Data under study section start

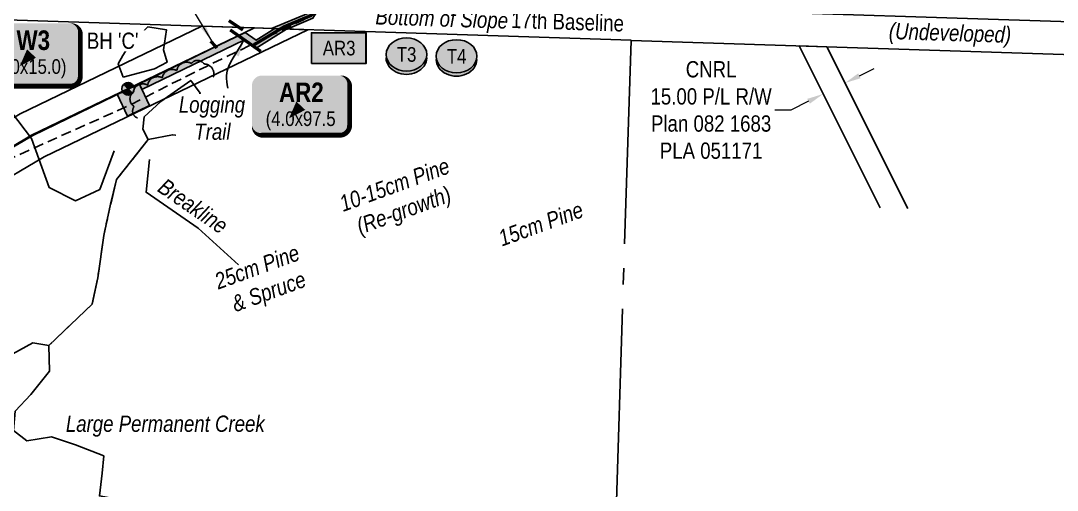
# Model space of a CAD drawing. Extents: x 354711 to 358951, y 6050403 to 6054140.
# Drawn here: x 356089 to 356726, y 6051031 to 6051319 of the extents above; entities that cross this region are included whole.
import ezdxf
from ezdxf.enums import TextEntityAlignment as Align

# ---------------------------------------------------------------- set-up
doc = ezdxf.new("R2010")
doc.units = 0
doc.header["$LTSCALE"] = 5
doc.header["$PDSIZE"] = 0.5
for name, pattern in [('0', [1, 1, 0]), ('foc-QUARTERLINE', [33, 25, -3, 2, -3]), ('foc-TOPO-ephemeral', [6.25, 3.125, -0.625, 0.625, -0.625, 0.625, -0.625]), ('UG_PIPE', [1.875, 1.25, -0.625])]:
    doc.linetypes.add(name, pattern=pattern)
doc.layers.get('Defpoints').update_dxf_attribs({"color": 9})
for name, color, linetype, lineweight in [('AS-GENERAL', 48, 'Continuous', 18), ('C-RW-T', 13, 'Continuous', 9), ('T-TEXT', 48, 'Continuous', 18)]:
    doc.layers.add(name, color=color, linetype=linetype, lineweight=lineweight)
for name, color, linetype in [('AS-PIPE-UG', 44, 'UG_PIPE'), ('AS-ROADS', 254, 'Continuous'), ('C-RW', 13, 'Continuous'), ('L-ROAD-T', 7, 'Continuous'), ('L-SEC', 7, 'Continuous'), ('L-SECQ', 8, 'foc-QUARTERLINE'), ('P-BUFFER-H 100m', 191, 'Continuous'), ('P-CROSSINGS', 250, 'Continuous'), ('P-TEMP-BLOCKS', 250, 'Continuous'), ('P-TEMP-BLUE', 146, 'Continuous'), ('P-WORKAREA-COUNTY', 104, 'Continuous'), ('P-WORKAREA-COUNTY-H', 71, 'Continuous'), ('T-BUSH', 110, '0'), ('T-BUSH-T', 110, 'Continuous'), ('T-CREEK', 160, 'Continuous'), ('T-DRAW', 143, 'foc-TOPO-ephemeral'), ('T-SLOPE', 48, 'Continuous'), ('T-WATER-T', 170, 'Continuous'), ('WETLAND', 143, 'Continuous')]:
    doc.layers.add(name, color=color, linetype=linetype)
doc.layers.add('P-TEMP-BLUE-H', color=7, linetype='Continuous', true_color=0x99e6ff)
doc.styles.add('80', font='ARIALN.TTF', dxfattribs={"height": 10})
doc.styles.add('80CG', font='ARIALN.TTF', dxfattribs={"height": 10})
doc.styles.add('80L', font='ARIALN.TTF', dxfattribs={"height": 10})
doc.styles.add('80LS', font='ARIALNI.TTF', dxfattribs={"height": 10})
doc.styles.add('BOLD', font='ARIALNB.TTF')
doc.styles.add('Crossing', font='ARIALN.TTF', dxfattribs={"height": 10})
doc.styles.add('foc-LtypeFont', font='ARIALN.TTF', dxfattribs={"height": 7.35})
doc.linetypes.add('foc-TOPO-flowdirection-NOLINE', pattern='A,0,[">",foc-LtypeFont,S=0.3,R=0,X=0,Y=-0.945],-20,[">",foc-LtypeFont,S=0.3,R=0,X=0,Y=-0.945],0', length=20)
doc.dimstyles.new('Compass 5 000', dxfattribs={"dimscale": 5, "dimtxt": 9, "dimasz": 2, "dimexe": 0.2, "dimexo": 0.0625, "dimgap": 0.5, "dimtad": 0, "dimtih": 1, "dimtoh": 1, "dimzin": 0, "dimdsep": 46, "dimtxsty": '80CG', "dimcen": 0.1, "dimse1": 1, "dimse2": 1, "dimclrd": 256, "dimclrt": 256, "dimaunit": 1, "dimadec": 4, "dimazin": 0, "dimtfac": 0.06, "dimtofl": 0, "dimtmove": 0, "dimatfit": 1, "dimfxl": 0.2, "dimtolj": 1, "dimtzin": 0, "dimlwd": -1, "dimarcsym": 0})

# ---------------------------------------------------------------- blocks, each defined once
blk = doc.blocks.new('*D53')
at = {"layer": 'C-RW-T', "transparency": 16777216}
for p, q in [((356604.07, 6051285.54), (356613, 6051290.02)), ((356572.78, 6051269.86), (356561.98, 6051264.45)), ((356561.98, 6051264.45), (356551.98, 6051264.45))]:
    blk.add_line(p, q, dxfattribs=at)
for points in [[(356603.32, 6051287.03), (356604.81, 6051284.05), (356595.13, 6051281.06)], [(356572.03, 6051271.35), (356573.53, 6051268.37), (356581.72, 6051274.34)]]:
    blk.add_solid(points, dxfattribs=at)
at = {"layer": 'Defpoints', "color": 0, "transparency": 16777216}
for p in [(356581.72, 6051274.34), (356603.65, 6051264.04), (356590.25, 6051257.32)]:
    blk.add_point(p, dxfattribs=at)
at = {"layer": 'C-RW-T', "transparency": 16777216, "insert": (356512.9, 6051264.45), "char_height": 10, "attachment_point": 5, "style": '80CG'}
blk.add_mtext('\\A1;CNRL\\P15.00 P/L R/W\\PPlan 082 1683\\PPLA 051171', dxfattribs=at)
blk = doc.blocks.new('XING3')
h = blk.add_hatch(color=250)
h.dxf.hatch_style = 1
edge = h.paths.add_edge_path()
edge.add_ellipse((0, -2.05), major_axis=(-12.5, 0), ratio=0.816297, start_angle=0, end_angle=180)
edge.add_line((12.5, -2.05), (12.5, 0))
edge.add_ellipse((0, 0), major_axis=(-12.5, 0), ratio=0.816297, start_angle=0, end_angle=180, ccw=False)
edge.add_line((-12.5, 0), (-12.5, -2.05))
at = {"layer": 'P-BUFFER-H 100m'}
h = blk.add_hatch(color=256, dxfattribs=at)
h.dxf.hatch_style = 1
edge = h.paths.add_edge_path()
edge.add_ellipse((0, 0), major_axis=(-12.5, 0), ratio=0.816297, start_angle=0, end_angle=360)
at = {"color": 250}
blk.add_ellipse((0, 0), major_axis=(-12.5, 0), ratio=0.816297, dxfattribs=at)
blk.add_ellipse((0, -2.05), major_axis=(-12.5, 0), ratio=0.816297, start_param=0, end_param=3.141593, dxfattribs=at)
at = {"color": 250, "style": 'Crossing'}
blk.add_attdef('CROSSING', text='', height=9, dxfattribs=at).set_placement((0.09, 0.02), align=Align.MIDDLE_CENTER)
at = {"color": 250, "style": 'Crossing', "flags": 1}
for tag, p in [('OWNER', (0.09, -12.49)), ('DESCRIPTION', (0.09, -25.77)), ('LOCATION', (0.09, -39.3)), ('DWG_REF', (0.09, -52.84))]:
    blk.add_attdef(tag, text='', height=9, dxfattribs=at).set_placement(p, align=Align.MIDDLE_CENTER)
blk = doc.blocks.new('*X58')
at = {"color": 0}
for p, q in [((102.12, -2061.56), (108.81, -2061.56)), ((102.18, -2061.72), (108.75, -2061.72)), ((102.29, -2061.41), (108.64, -2061.41)), ((102.33, -2061.87), (108.59, -2061.87)), ((102.47, -2061.25), (108.45, -2061.25)), ((102.49, -2062.03), (108.44, -2062.03)), ((102.65, -2062.19), (108.28, -2062.19)), ((102.68, -2061.09), (108.25, -2061.09)), ((102.8, -2062.34), (108.13, -2062.34)), ((102.92, -2060.94), (108.01, -2060.94)), ((102.96, -2062.5), (107.97, -2062.5)), ((103.12, -2062.66), (107.81, -2062.66)), ((103.18, -2060.78), (107.75, -2060.78)), ((103.27, -2062.81), (107.66, -2062.81)), ((103.5, -2060.62), (107.43, -2060.62)), ((103.89, -2060.47), (107.03, -2060.47)), ((104.45, -2060.31), (106.48, -2060.31)), ((102.11, -2068.44), (108.82, -2068.44)), ((102.19, -2068.28), (108.74, -2068.28)), ((102.28, -2068.59), (108.65, -2068.59)), ((102.34, -2068.12), (108.58, -2068.12)), ((102.46, -2068.75), (108.47, -2068.75)), ((102.5, -2067.97), (108.43, -2067.97)), ((102.66, -2067.81), (108.27, -2067.81)), ((102.67, -2068.91), (108.26, -2068.91)), ((102.81, -2067.66), (108.12, -2067.66)), ((102.9, -2069.06), (108.03, -2069.06)), ((102.97, -2067.5), (107.96, -2067.5)), ((103.13, -2067.34), (107.8, -2067.34)), ((103.17, -2069.22), (107.76, -2069.22)), ((103.28, -2067.19), (107.65, -2067.19)), ((103.43, -2062.97), (107.5, -2062.97)), ((103.44, -2067.03), (107.49, -2067.03)), ((103.48, -2069.37), (107.45, -2069.37)), ((103.58, -2063.12), (107.34, -2063.12)), ((103.59, -2066.87), (107.33, -2066.87)), ((103.74, -2063.28), (107.19, -2063.28)), ((103.75, -2066.72), (107.18, -2066.72)), ((103.87, -2069.53), (107.06, -2069.53)), ((103.9, -2063.44), (107.03, -2063.44)), ((103.91, -2066.56), (107.02, -2066.56)), ((104.05, -2063.59), (106.88, -2063.59)), ((104.06, -2066.41), (106.87, -2066.41)), ((104.21, -2063.75), (106.72, -2063.75)), ((104.22, -2066.25), (106.71, -2066.25)), ((104.37, -2063.91), (106.56, -2063.91)), ((104.38, -2066.09), (106.55, -2066.09)), ((104.41, -2069.69), (106.52, -2069.69)), ((104.52, -2064.06), (106.41, -2064.06)), ((104.53, -2065.94), (106.4, -2065.94)), ((104.68, -2064.22), (106.25, -2064.22)), ((104.69, -2065.78), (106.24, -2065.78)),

Data under study section end

Your goal: Go through the records line by line and count those containing the string "transparency". Give only the total.

Answer space: 3